_Work instruction:_
Among the records that follow, set down only the lines from the one containing "line L282 (2.25, 3.3824)" to the one containing "line L287 (2.75, 3.3824)", both included, exactly.

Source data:
* * *

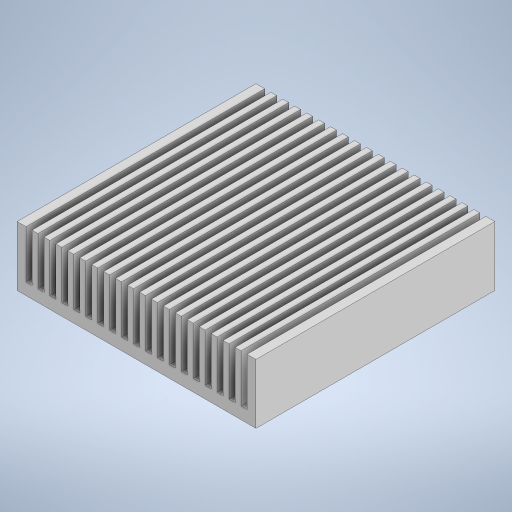
# Autodesk Inventor part: cooling_fin
Saved by Autodesk Inventor 2023 (Build 270158000, 158)
## iProperties
Created: 2023-07-12
Part Number: cooling_fin
Material: 一般
Document SubType Name: Modeling
Designer: 310611102
Density: 1 g/cm^3
Appearance: 預設
Author: 310611102
Autodesk Inventor part; units mm, degrees
ref_plane "YZ Plane" through (0, 0, 0) normal (1, 0, 0) x (0, 1, 0)
ref_plane "XZ Plane" through (0, 0, 0) normal (0, 1, 0) x (-1, 0, 0)
ref_plane "XY Plane" through (0, 0, 0) normal (0, 0, 1) x (1, 0, 0)
sketch "Sketch1" plane through (0, 0, 0) normal (0, 0, 1) x (1, 0, 0)
  line L0 (-10, 2.5) -> (10, 2.5)
  line L1 (10, 2.5) -> (10, -2.5)
  line L2 (10, -2.5) -> (-10, -2.5)
  line L3 (-10, -2.5) -> (-10, 2.5)
  line L4 (-10, 2.5) -> (10, -2.5) construction
  line L5 (10, 2.5) -> (-10, -2.5) construction
  point P0 (0, 0)
  dimension "d0" = 20
  dimension "d1" = 5
  constraints: 12 end point, 2 midpoint, 2 parallel, 1 horizontal, 1 perpendicular
  measures "d0" distance of L0.start L0.end
  measures "d1" distance of L0.end L1.end
extrude "Extrusion1" add sketch "Sketch1" along normal blind 20
sketch "Sketch2" plane through (0, 0, 20) normal (0, 0, 1) x (1, 0, 0)
  line L0 (-0.25, 3.3824) -> (0.25, 3.3824)
  line L1 (0.25, 3.3824) -> (0.25, -1.5)
  line L2 (0.25, -1.5) -> (-0.25, -1.5)
  line L3 (-0.25, -1.5) -> (-0.25, 3.3824)
  line L4 (-0.25, 3.3824) -> (0.25, -1.5) construction
  line L5 (0.25, 3.3824) -> (-0.25, -1.5) construction
  line L6 (-10, -2.5) -> (10, -2.5) projected
  line L7 (0.75, 3.3824) -> (1.25, 3.3824)
  line L8 (1.25, 3.3824) -> (1.25, -1.5)
  line L9 (1.25, -1.5) -> (0.75, -1.5)
  line L10 (0.75, -1.5) -> (0.75, 3.3824)
  line L11 (0.75, 3.3824) -> (1.25, -1.5) construction
  line L12 (1.25, 3.3824) -> (0.75, -1.5) construction
  line L13 (1.75, 3.3824) -> (2.25, 3.3824)
  line L14 (2.25, 3.3824) -> (2.25, -1.5)
  line L15 (2.25, -1.5) -> (1.75, -1.5)
  line L16 (1.75, -1.5) -> (1.75, 3.3824)
  line L17 (1.75, 3.3824) -> (2.25, -1.5) construction
  line L18 (2.25, 3.3824) -> (1.75, -1.5) construction
  line L19 (2.75, 3.3824) -> (3.25, 3.3824)
  line L20 (3.25, 3.3824) -> (3.25, -1.5)
  line L21 (3.25, -1.5) -> (2.75, -1.5)
  line L22 (2.75, -1.5) -> (2.75, 3.3824)
  line L23 (2.75, 3.3824) -> (3.25, -1.5) construction
  line L24 (3.25, 3.3824) -> (2.75, -1.5) construction
  line L25 (3.75, 3.3824) -> (4.25, 3.3824)
  line L26 (4.25, 3.3824) -> (4.25, -1.5)
  line L27 (4.25, -1.5) -> (3.75, -1.5)
  line L28 (3.75, -1.5) -> (3.75, 3.3824)
  line L29 (3.75, 3.3824) -> (4.25, -1.5) construction
  line L30 (4.25, 3.3824) -> (3.75, -1.5) construction
  line L31 (4.75, 3.3824) -> (5.25, 3.3824)
  line L32 (5.25, 3.3824) -> (5.25, -1.5)
  line L33 (5.25, -1.5) -> (4.75, -1.5)
  line L34 (4.75, -1.5) -> (4.75, 3.3824)
  line L35 (4.75, 3.3824) -> (5.25, -1.5) construction
  line L36 (5.25, 3.3824) -> (4.75, -1.5) construction
  line L37 (5.75, 3.3824) -> (6.25, 3.3824)
  line L38 (6.25, 3.3824) -> (6.25, -1.5)
  line L39 (6.25, -1.5) -> (5.75, -1.5)
  line L40 (5.75, -1.5) -> (5.75, 3.3824)
  line L41 (5.75, 3.3824) -> (6.25, -1.5) construction
  line L42 (6.25, 3.3824) -> (5.75, -1.5) construction
  line L43 (6.75, 3.3824) -> (7.25, 3.3824)
  line L44 (7.25, 3.3824) -> (7.25, -1.5)
  line L45 (7.25, -1.5) -> (6.75, -1.5)
  line L46 (6.75, -1.5) -> (6.75, 3.3824)
  line L47 (6.75, 3.3824) -> (7.25, -1.5) construction
  line L48 (7.25, 3.3824) -> (6.75, -1.5) construction
  line L49 (7.75, 3.3824) -> (8.25, 3.3824)
  line L50 (8.25, 3.3824) -> (8.25, -1.5)
  line L51 (8.25, -1.5) -> (7.75, -1.5)
  line L52 (7.75, -1.5) -> (7.75, 3.3824)
  line L53 (7.75, 3.3824) -> (8.25, -1.5) construction
  line L54 (8.25, 3.3824) -> (7.75, -1.5) construction
  line L55 (8.75, 3.3824) -> (9.25, 3.3824)
  line L56 (9.25, 3.3824) -> (9.25, -1.5)
  line L57 (9.25, -1.5) -> (8.75, -1.5)
  line L58 (8.75, -1.5) -> (8.75, 3.3824)
  line L59 (8.75, 3.3824) -> (9.25, -1.5) construction
  line L60 (9.25, 3.3824) -> (8.75, -1.5) construction
  line L61 (-1.25, 3.3824) -> (-0.75, 3.3824)
  line L62 (-0.75, 3.3824) -> (-0.75, -1.5)
  line L63 (-0.75, -1.5) -> (-1.25, -1.5)
  line L64 (-1.25, -1.5) -> (-1.25, 3.3824)
  line L65 (-1.25, 3.3824) -> (-0.75, -1.5) construction
  line L66 (-0.75, 3.3824) -> (-1.25, -1.5) construction
  line L67 (-0.25, 3.3824) -> (0.25, 3.3824)
  line L68 (0.25, 3.3824) -> (0.25, -1.5)
  line L69 (0.25, -1.5) -> (-0.25, -1.5)
  line L70 (-0.25, -1.5) -> (-0.25, 3.3824)
  line L71 (-0.25, 3.3824) -> (0.25, -1.5) construction
  line L72 (0.25, 3.3824) -> (-0.25, -1.5) construction
  line L73 (0.75, 3.3824) -> (1.25, 3.3824)
  line L74 (1.25, 3.3824) -> (1.25, -1.5)
  line L75 (1.25, -1.5) -> (0.75, -1.5)
  line L76 (0.75, -1.5) -> (0.75, 3.3824)
  line L77 (0.75, 3.3824) -> (1.25, -1.5) construction
  line L78 (1.25, 3.3824) -> (0.75, -1.5) construction
  line L79 (1.75, 3.3824) -> (2.25, 3.3824)
  line L80 (2.25, 3.3824) -> (2.25, -1.5)
  line L81 (2.25, -1.5) -> (1.75, -1.5)
  line L82 (1.75, -1.5) -> (1.75, 3.3824)
  line L83 (1.75, 3.3824) -> (2.25, -1.5) construction
  line L84 (2.25, 3.3824) -> (1.75, -1.5) construction
  line L85 (2.75, 3.3824) -> (3.25, 3.3824)
  line L86 (3.25, 3.3824) -> (3.25, -1.5)
  line L87 (3.25, -1.5) -> (2.75, -1.5)
  line L88 (2.75, -1.5) -> (2.75, 3.3824)
  line L89 (2.75, 3.3824) -> (3.25, -1.5) construction
  line L90 (3.25, 3.3824) -> (2.75, -1.5) construction
  line L91 (3.75, 3.3824) -> (4.25, 3.3824)
  line L92 (4.25, 3.3824) -> (4.25, -1.5)
  line L93 (4.25, -1.5) -> (3.75, -1.5)
  line L94 (3.75, -1.5) -> (3.75, 3.3824)
  line L95 (3.75, 3.3824) -> (4.25, -1.5) construction
  line L96 (4.25, 3.3824) -> (3.75, -1.5) construction
  line L97 (4.75, 3.3824) -> (5.25, 3.3824)
  line L98 (5.25, 3.3824) -> (5.25, -1.5)
  line L99 (5.25, -1.5) -> (4.75, -1.5)
  line L100 (4.75, -1.5) -> (4.75, 3.3824)
  line L101 (4.75, 3.3824) -> (5.25, -1.5) construction
  line L102 (5.25, 3.3824) -> (4.75, -1.5) construction
  line L103 (5.75, 3.3824) -> (6.25, 3.3824)
  line L104 (6.25, 3.3824) -> (6.25, -1.5)
  line L105 (6.25, -1.5) -> (5.75, -1.5)
  line L106 (5.75, -1.5) -> (5.75, 3.3824)
  line L107 (5.75, 3.3824) -> (6.25, -1.5) construction
  line L108 (6.25, 3.3824) -> (5.75, -1.5) construction
  line L109 (6.75, 3.3824) -> (7.25, 3.3824)
  line L110 (7.25, 3.3824) -> (7.25, -1.5)
  line L111 (7.25, -1.5) -> (6.75, -1.5)
  line L112 (6.75, -1.5) -> (6.75, 3.3824)
  line L113 (6.75, 3.3824) -> (7.25, -1.5) construction
  line L114 (7.25, 3.3824) -> (6.75, -1.5) construction
  line L115 (7.75, 3.3824) -> (8.25, 3.3824)
  line L116 (8.25, 3.3824) -> (8.25, -1.5)
  line L117 (8.25, -1.5) -> (7.75, -1.5)
  line L118 (7.75, -1.5) -> (7.75, 3.3824)
  line L119 (7.75, 3.3824) -> (8.25, -1.5) construction
  line L120 (8.25, 3.3824) -> (7.75, -1.5) construction
  line L121 (-2.25, 3.3824) -> (-1.75, 3.3824)
  line L122 (-1.75, 3.3824) -> (-1.75, -1.5)
  line L123 (-1.75, -1.5) -> (-2.25, -1.5)
  line L124 (-2.25, -1.5) -> (-2.25, 3.3824)
  line L125 (-2.25, 3.3824) -> (-1.75, -1.5) construction
  line L126 (-1.75, 3.3824) -> (-2.25, -1.5) construction
  line L127 (-1.25, 3.3824) -> (-0.75, 3.3824)
  line L128 (-0.75, 3.3824) -> (-0.75, -1.5)
  line L129 (-0.75, -1.5) -> (-1.25, -1.5)
  line L130 (-1.25, -1.5) -> (-1.25, 3.3824)
  line L131 (-1.25, 3.3824) -> (-0.75, -1.5) construction
  line L132 (-0.75, 3.3824) -> (-1.25, -1.5) construction
  line L133 (-0.25, 3.3824) -> (0.25, 3.3824)
  line L134 (0.25, 3.3824) -> (0.25, -1.5)
  line L135 (0.25, -1.5) -> (-0.25, -1.5)
  line L136 (-0.25, -1.5) -> (-0.25, 3.3824)
  line L137 (-0.25, 3.3824) -> (0.25, -1.5) construction
  line L138 (0.25, 3.3824) -> (-0.25, -1.5) construction
  line L139 (0.75, 3.3824) -> (1.25, 3.3824)
  line L140 (1.25, 3.3824) -> (1.25, -1.5)
  line L141 (1.25, -1.5) -> (0.75, -1.5)
  line L142 (0.75, -1.5) -> (0.75, 3.3824)
  line L143 (0.75, 3.3824) -> (1.25, -1.5) construction
  line L144 (1.25, 3.3824) -> (0.75, -1.5) construction
  line L145 (1.75, 3.3824) -> (2.25, 3.3824)
  line L146 (2.25, 3.3824) -> (2.25, -1.5)
  line L147 (2.25, -1.5) -> (1.75, -1.5)
  line L148 (1.75, -1.5) -> (1.75, 3.3824)
  line L149 (1.75, 3.3824) -> (2.25, -1.5) construction
  line L150 (2.25, 3.3824) -> (1.75, -1.5) construction
  line L151 (2.75, 3.3824) -> (3.25, 3.3824)
  line L152 (3.25, 3.3824) -> (3.25, -1.5)
  line L153 (3.25, -1.5) -> (2.75, -1.5)
  line L154 (2.75, -1.5) -> (2.75, 3.3824)
  line L155 (2.75, 3.3824) -> (3.25, -1.5) construction
  line L156 (3.25, 3.3824) -> (2.75, -1.5) construction
  line L157 (3.75, 3.3824) -> (4.25, 3.3824)
  line L158 (4.25, 3.3824) -> (4.25, -1.5)
  line L159 (4.25, -1.5) -> (3.75, -1.5)
  line L160 (3.75, -1.5) -> (3.75, 3.3824)
  line L161 (3.75, 3.3824) -> (4.25, -1.5) construction
  line L162 (4.25, 3.3824) -> (3.75, -1.5) construction
  line L163 (4.75, 3.3824) -> (5.25, 3.3824)
  line L164 (5.25, 3.3824) -> (5.25, -1.5)
  line L165 (5.25, -1.5) -> (4.75, -1.5)
  line L166 (4.75, -1.5) -> (4.75, 3.3824)
  line L167 (4.75, 3.3824) -> (5.25, -1.5) construction
  line L168 (5.25, 3.3824) -> (4.75, -1.5) construction
  line L169 (5.75, 3.3824) -> (6.25, 3.3824)
  line L170 (6.25, 3.3824) -> (6.25, -1.5)
  line L171 (6.25, -1.5) -> (5.75, -1.5)
  line L172 (5.75, -1.5) -> (5.75, 3.3824)
  line L173 (5.75, 3.3824) -> (6.25, -1.5) construction
  line L174 (6.25, 3.3824) -> (5.75, -1.5) construction
  line L175 (6.75, 3.3824) -> (7.25, 3.3824)
  line L176 (7.25, 3.3824) -> (7.25, -1.5)
  line L177 (7.25, -1.5) -> (6.75, -1.5)
  line L178 (6.75, -1.5) -> (6.75, 3.3824)
  line L179 (6.75, 3.3824) -> (7.25, -1.5) construction
  line L180 (7.25, 3.3824) -> (6.75, -1.5) construction
  line L181 (-3.25, 3.3824) -> (-2.75, 3.3824)
  line L182 (-2.75, 3.3824) -> (-2.75, -1.5)
  line L183 (-2.75, -1.5) -> (-3.25, -1.5)
  line L184 (-3.25, -1.5) -> (-3.25, 3.3824)
  line L185 (-3.25, 3.3824) -> (-2.75, -1.5) construction
  line L186 (-2.75, 3.3824) -> (-3.25, -1.5) construction
  line L187 (-2.25, 3.3824) -> (-1.75, 3.3824)
  line L188 (-1.75, 3.3824) -> (-1.75, -1.5)
  line L189 (-1.75, -1.5) -> (-2.25, -1.5)
  line L190 (-2.25, -1.5) -> (-2.25, 3.3824)
  line L191 (-2.25, 3.3824) -> (-1.75, -1.5) construction
  line L192 (-1.75, 3.3824) -> (-2.25, -1.5) construction
  line L193 (-1.25, 3.3824) -> (-0.75, 3.3824)
  line L194 (-0.75, 3.3824) -> (-0.75, -1.5)
  line L195 (-0.75, -1.5) -> (-1.25, -1.5)
  line L196 (-1.25, -1.5) -> (-1.25, 3.3824)
  line L197 (-1.25, 3.3824) -> (-0.75, -1.5) construction
  line L198 (-0.75, 3.3824) -> (-1.25, -1.5) construction
  line L199 (-0.25, 3.3824) -> (0.25, 3.3824)
  line L200 (0.25, 3.3824) -> (0.25, -1.5)
  line L201 (0.25, -1.5) -> (-0.25, -1.5)
  line L202 (-0.25, -1.5) -> (-0.25, 3.3824)
  line L203 (-0.25, 3.3824) -> (0.25, -1.5) construction
  line L204 (0.25, 3.3824) -> (-0.25, -1.5) construction
  line L205 (0.75, 3.3824) -> (1.25, 3.3824)
  line L206 (1.25, 3.3824) -> (1.25, -1.5)
  line L207 (1.25, -1.5) -> (0.75, -1.5)
  line L208 (0.75, -1.5) -> (0.75, 3.3824)
  line L209 (0.75, 3.3824) -> (1.25, -1.5) construction
  line L210 (1.25, 3.3824) -> (0.75, -1.5) construction
  line L211 (1.75, 3.3824) -> (2.25, 3.3824)
  line L212 (2.25, 3.3824) -> (2.25, -1.5)
  line L213 (2.25, -1.5) -> (1.75, -1.5)
  line L214 (1.75, -1.5) -> (1.75, 3.3824)
  line L215 (1.75, 3.3824) -> (2.25, -1.5) construction
  line L216 (2.25, 3.3824) -> (1.75, -1.5) construction
  line L217 (2.75, 3.3824) -> (3.25, 3.3824)
  line L218 (3.25, 3.3824) -> (3.25, -1.5)
  line L219 (3.25, -1.5) -> (2.75, -1.5)
  line L220 (2.75, -1.5) -> (2.75, 3.3824)
  line L221 (2.75, 3.3824) -> (3.25, -1.5) construction
  line L222 (3.25, 3.3824) -> (2.75, -1.5) construction
  line L223 (3.75, 3.3824) -> (4.25, 3.3824)
  line L224 (4.25, 3.3824) -> (4.25, -1.5)
  line L225 (4.25, -1.5) -> (3.75, -1.5)
  line L226 (3.75, -1.5) -> (3.75, 3.3824)
  line L227 (3.75, 3.3824) -> (4.25, -1.5) construction
  line L228 (4.25, 3.3824) -> (3.75, -1.5) construction
  line L229 (4.75, 3.3824) -> (5.25, 3.3824)
  line L230 (5.25, 3.3824) -> (5.25, -1.5)
  line L231 (5.25, -1.5) -> (4.75, -1.5)
  line L232 (4.75, -1.5) -> (4.75, 3.3824)
  line L233 (4.75, 3.3824) -> (5.25, -1.5) construction
  line L234 (5.25, 3.3824) -> (4.75, -1.5) construction
  line L235 (5.75, 3.3824) -> (6.25, 3.3824)
  line L236 (6.25, 3.3824) -> (6.25, -1.5)
  line L237 (6.25, -1.5) -> (5.75, -1.5)
  line L238 (5.75, -1.5) -> (5.75, 3.3824)
  line L239 (5.75, 3.3824) -> (6.25, -1.5) construction
  line L240 (6.25, 3.3824) -> (5.75, -1.5) construction
  line L241 (-4.25, 3.3824) -> (-3.75, 3.3824)
  line L242 (-3.75, 3.3824) -> (-3.75, -1.5)
  line L243 (-3.75, -1.5) -> (-4.25, -1.5)
  line L244 (-4.25, -1.5) -> (-4.25, 3.3824)
  line L245 (-4.25, 3.3824) -> (-3.75, -1.5) construction
  line L246 (-3.75, 3.3824) -> (-4.25, -1.5) construction
  line L247 (-3.25, 3.3824) -> (-2.75, 3.3824)
  line L248 (-2.75, 3.3824) -> (-2.75, -1.5)
  line L249 (-2.75, -1.5) -> (-3.25, -1.5)
  line L250 (-3.25, -1.5) -> (-3.25, 3.3824)
  line L251 (-3.25, 3.3824) -> (-2.75, -1.5) construction
  line L252 (-2.75, 3.3824) -> (-3.25, -1.5) construction
  line L253 (-2.25, 3.3824) -> (-1.75, 3.3824)
  line L254 (-1.75, 3.3824) -> (-1.75, -1.5)
  line L255 (-1.75, -1.5) -> (-2.25, -1.5)
  line L256 (-2.25, -1.5) -> (-2.25, 3.3824)
  line L257 (-2.25, 3.3824) -> (-1.75, -1.5) construction
  line L258 (-1.75, 3.3824) -> (-2.25, -1.5) construction
  line L259 (-1.25, 3.3824) -> (-0.75, 3.3824)
  line L260 (-0.75, 3.3824) -> (-0.75, -1.5)
  line L261 (-0.75, -1.5) -> (-1.25, -1.5)
  line L262 (-1.25, -1.5) -> (-1.25, 3.3824)
  line L263 (-1.25, 3.3824) -> (-0.75, -1.5) construction
  line L264 (-0.75, 3.3824) -> (-1.25, -1.5) construction
  line L265 (-0.25, 3.3824) -> (0.25, 3.3824)
  line L266 (0.25, 3.3824) -> (0.25, -1.5)
  line L267 (0.25, -1.5) -> (-0.25, -1.5)
  line L268 (-0.25, -1.5) -> (-0.25, 3.3824)
  line L269 (-0.25, 3.3824) -> (0.25, -1.5) construction
  line L270 (0.25, 3.3824) -> (-0.25, -1.5) construction
  line L271 (0.75, 3.3824) -> (1.25, 3.3824)
  line L272 (1.25, 3.3824) -> (1.25, -1.5)
  line L273 (1.25, -1.5) -> (0.75, -1.5)
  line L274 (0.75, -1.5) -> (0.75, 3.3824)
  line L275 (0.75, 3.3824) -> (1.25, -1.5) construction
  line L276 (1.25, 3.3824) -> (0.75, -1.5) construction
  line L277 (1.75, 3.3824) -> (2.25, 3.3824)
  line L278 (2.25, 3.3824) -> (2.25, -1.5)
  line L279 (2.25, -1.5) -> (1.75, -1.5)
  line L280 (1.75, -1.5) -> (1.75, 3.3824)
  line L281 (1.75, 3.3824) -> (2.25, -1.5) construction
  line L282 (2.25, 3.3824) -> (1.75, -1.5) construction
  line L283 (2.75, 3.3824) -> (3.25, 3.3824)
  line L284 (3.25, 3.3824) -> (3.25, -1.5)
  line L285 (3.25, -1.5) -> (2.75, -1.5)
  line L286 (2.75, -1.5) -> (2.75, 3.3824)
  line L287 (2.75, 3.3824) -> (3.25, -1.5) construction
  line L288 (3.25, 3.3824) -> (2.75, -1.5) construction
  line L289 (3.75, 3.3824) -> (4.25, 3.3824)
  line L290 (4.25, 3.3824) -> (4.25, -1.5)
  line L291 (4.25, -1.5) -> (3.75, -1.5)
  line L292 (3.75, -1.5) -> (3.75, 3.3824)
  line L293 (3.75, 3.3824) -> (4.25, -1.5) construction
  line L294 (4.25, 3.3824) -> (3.75, -1.5) construction
  line L295 (4.75, 3.3824) -> (5.25, 3.3824)
  line L296 (5.25, 3.3824) -> (5.25, -1.5)
  line L297 (5.25, -1.5) -> (4.75, -1.5)
  line L298 (4.75, -1.5) -> (4.75, 3.3824)
  line L299 (4.75, 3.3824) -> (5.25, -1.5) construction
  line L300 (5.25, 3.3824) -> (4.75, -1.5) construction
  line L301 (-5.25, 3.3824) -> (-4.75, 3.3824)
  line L302 (-4.75, 3.3824) -> (-4.75, -1.5)
  line L303 (-4.75, -1.5) -> (-5.25, -1.5)
  line L304 (-5.25, -1.5) -> (-5.25, 3.3824)
  line L305 (-5.25, 3.3824) -> (-4.75, -1.5) construction
  line L306 (-4.75, 3.3824) -> (-5.25, -1.5) construction
  line L307 (-4.25, 3.3824) -> (-3.75, 3.3824)
  line L308 (-3.75, 3.3824) -> (-3.75, -1.5)
  line L309 (-3.75, -1.5) -> (-4.25, -1.5)
  line L310 (-4.25, -1.5) -> (-4.25, 3.3824)
  line L311 (-4.25, 3.3824) -> (-3.75, -1.5) construction
  line L312 (-3.75, 3.3824) -> (-4.25, -1.5) construction
  line L313 (-3.25, 3.3824) -> (-2.75, 3.3824)
  line L314 (-2.75, 3.3824) -> (-2.75, -1.5)
  line L315 (-2.75, -1.5) -> (-3.25, -1.5)
  line L316 (-3.25, -1.5) -> (-3.25, 3.3824)
  line L317 (-3.25, 3.3824) -> (-2.75, -1.5) construction
  line L318 (-2.75, 3.3824) -> (-3.25, -1.5) construction
  line L319 (-2.25, 3.3824) -> (-1.75, 3.3824)
  line L320 (-1.75, 3.3824) -> (-1.75, -1.5)
  line L321 (-1.75, -1.5) -> (-2.25, -1.5)
  line L322 (-2.25, -1.5) -> (-2.25, 3.3824)
  line L323 (-2.25, 3.3824) -> (-1.75, -1.5) construction
  line L324 (-1.75, 3.3824) -> (-2.25, -1.5) construction
  line L325 (-1.25, 3.3824) -> (-0.75, 3.3824)
  line L326 (-0.75, 3.3824) -> (-0.75, -1.5)
  line L327 (-0.75, -1.5) -> (-1.25, -1.5)
  line L328 (-1.25, -1.5) -> (-1.25, 3.3824)
  line L329 (-1.25, 3.3824) -> (-0.75, -1.5) construction
  line L330 (-0.75, 3.3824) -> (-1.25, -1.5) construction
  line L331 (-0.25, 3.3824) -> (0.25, 3.3824)
  line L332 (0.25, 3.3824) -> (0.25, -1.5)
  line L333 (0.25, -1.5) -> (-0.25, -1.5)
  line L334 (-0.25, -1.5) -> (-0.25, 3.3824)
  line L335 (-0.25, 3.3824) -> (0.25, -1.5) construction
  line L336 (0.25, 3.3824) -> (-0.25, -1.5) construction
  line L337 (0.75, 3.3824) -> (1.25, 3.3824)
  line L338 (1.25, 3.3824) -> (1.25, -1.5)
  line L339 (1.25, -1.5) -> (0.75, -1.5)
  line L340 (0.75, -1.5) -> (0.75, 3.3824)
  line L341 (0.75, 3.3824) -> (1.25, -1.5) construction
  line L342 (1.25, 3.3824) -> (0.75, -1.5) construction
  line L343 (1.75, 3.3824) -> (2.25, 3.3824)
  line L344 (2.25, 3.3824) -> (2.25, -1.5)
  line L345 (2.25, -1.5) -> (1.75, -1.5)
  line L346 (1.75, -1.5) -> (1.75, 3.3824)
  line L347 (1.75, 3.3824) -> (2.25, -1.5) construction
  line L348 (2.25, 3.3824) -> (1.75, -1.5) construction
  line L349 (2.75, 3.3824) -> (3.25, 3.3824)
  line L350 (3.25, 3.3824) -> (3.25, -1.5)
  line L351 (3.25, -1.5) -> (2.75, -1.5)
  line L352 (2.75, -1.5) -> (2.75, 3.3824)
  line L353 (2.75, 3.3824) -> (3.25, -1.5) construction
  line L354 (3.25, 3.3824) -> (2.75, -1.5) construction
  line L355 (3.75, 3.3824) -> (4.25, 3.3824)
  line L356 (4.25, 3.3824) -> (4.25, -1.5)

* * *

_Solution for this exercise:_
  line L282 (2.25, 3.3824) -> (1.75, -1.5) construction
  line L283 (2.75, 3.3824) -> (3.25, 3.3824)
  line L284 (3.25, 3.3824) -> (3.25, -1.5)
  line L285 (3.25, -1.5) -> (2.75, -1.5)
  line L286 (2.75, -1.5) -> (2.75, 3.3824)
  line L287 (2.75, 3.3824) -> (3.25, -1.5) construction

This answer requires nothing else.